[Extracted data entries]

• • • • •

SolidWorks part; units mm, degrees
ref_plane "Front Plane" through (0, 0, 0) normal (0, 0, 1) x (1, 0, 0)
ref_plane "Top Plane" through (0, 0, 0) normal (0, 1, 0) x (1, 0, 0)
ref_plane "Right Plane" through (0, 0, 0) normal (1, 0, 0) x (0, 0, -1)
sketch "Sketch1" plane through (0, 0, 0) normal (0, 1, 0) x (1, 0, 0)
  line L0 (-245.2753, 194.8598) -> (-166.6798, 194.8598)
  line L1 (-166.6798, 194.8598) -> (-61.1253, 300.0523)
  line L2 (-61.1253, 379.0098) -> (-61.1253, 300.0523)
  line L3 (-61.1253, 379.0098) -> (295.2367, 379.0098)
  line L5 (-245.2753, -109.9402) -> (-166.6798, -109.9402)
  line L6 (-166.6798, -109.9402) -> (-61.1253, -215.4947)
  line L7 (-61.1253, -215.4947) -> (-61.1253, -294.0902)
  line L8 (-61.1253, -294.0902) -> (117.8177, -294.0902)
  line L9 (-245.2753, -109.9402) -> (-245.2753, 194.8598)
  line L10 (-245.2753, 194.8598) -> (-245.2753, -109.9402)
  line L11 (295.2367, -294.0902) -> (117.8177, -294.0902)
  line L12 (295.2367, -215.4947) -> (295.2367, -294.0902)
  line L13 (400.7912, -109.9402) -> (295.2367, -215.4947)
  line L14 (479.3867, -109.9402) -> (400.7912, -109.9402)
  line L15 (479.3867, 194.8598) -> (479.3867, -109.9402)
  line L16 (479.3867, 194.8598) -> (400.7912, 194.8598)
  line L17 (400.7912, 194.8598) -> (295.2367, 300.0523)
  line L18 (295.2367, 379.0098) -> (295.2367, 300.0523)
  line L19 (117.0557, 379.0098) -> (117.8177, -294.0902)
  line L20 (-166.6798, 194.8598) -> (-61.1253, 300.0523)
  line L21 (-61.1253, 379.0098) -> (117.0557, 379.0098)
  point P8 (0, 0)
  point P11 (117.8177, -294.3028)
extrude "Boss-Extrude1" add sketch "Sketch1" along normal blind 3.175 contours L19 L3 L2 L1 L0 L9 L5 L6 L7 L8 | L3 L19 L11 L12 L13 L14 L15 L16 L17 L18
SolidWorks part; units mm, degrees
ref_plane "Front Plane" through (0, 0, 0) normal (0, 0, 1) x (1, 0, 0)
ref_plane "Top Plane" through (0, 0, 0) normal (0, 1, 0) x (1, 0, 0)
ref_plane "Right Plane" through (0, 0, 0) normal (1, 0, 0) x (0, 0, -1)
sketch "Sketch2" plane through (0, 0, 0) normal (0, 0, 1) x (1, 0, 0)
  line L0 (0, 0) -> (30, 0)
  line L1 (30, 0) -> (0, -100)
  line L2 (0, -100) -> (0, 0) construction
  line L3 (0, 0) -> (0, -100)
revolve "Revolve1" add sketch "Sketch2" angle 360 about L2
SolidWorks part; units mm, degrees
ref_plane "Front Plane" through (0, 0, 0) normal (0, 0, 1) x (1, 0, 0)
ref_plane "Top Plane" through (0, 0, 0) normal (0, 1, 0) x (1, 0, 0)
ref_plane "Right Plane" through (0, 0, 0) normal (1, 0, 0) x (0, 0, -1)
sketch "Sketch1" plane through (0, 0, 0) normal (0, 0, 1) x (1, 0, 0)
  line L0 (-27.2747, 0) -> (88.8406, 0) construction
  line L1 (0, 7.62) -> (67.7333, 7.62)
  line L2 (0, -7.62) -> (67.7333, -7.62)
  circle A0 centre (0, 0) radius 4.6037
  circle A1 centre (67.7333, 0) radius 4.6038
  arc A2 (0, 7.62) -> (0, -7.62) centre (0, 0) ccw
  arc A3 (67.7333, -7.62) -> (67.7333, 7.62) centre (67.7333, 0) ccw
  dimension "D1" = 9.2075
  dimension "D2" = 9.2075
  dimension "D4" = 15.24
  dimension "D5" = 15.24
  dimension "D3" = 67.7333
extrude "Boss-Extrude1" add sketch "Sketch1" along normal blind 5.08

• • • • •

### Problem details
Start at the line containing "line L0 (-27.2747, 0)". Repeat it and each line after it, word for word, to the end of the records.

### Task solution
  line L0 (-27.2747, 0) -> (88.8406, 0) construction
  line L1 (0, 7.62) -> (67.7333, 7.62)
  line L2 (0, -7.62) -> (67.7333, -7.62)
  circle A0 centre (0, 0) radius 4.6037
  circle A1 centre (67.7333, 0) radius 4.6038
  arc A2 (0, 7.62) -> (0, -7.62) centre (0, 0) ccw
  arc A3 (67.7333, -7.62) -> (67.7333, 7.62) centre (67.7333, 0) ccw
  dimension "D1" = 9.2075
  dimension "D2" = 9.2075
  dimension "D4" = 15.24
  dimension "D5" = 15.24
  dimension "D3" = 67.7333
extrude "Boss-Extrude1" add sketch "Sketch1" along normal blind 5.08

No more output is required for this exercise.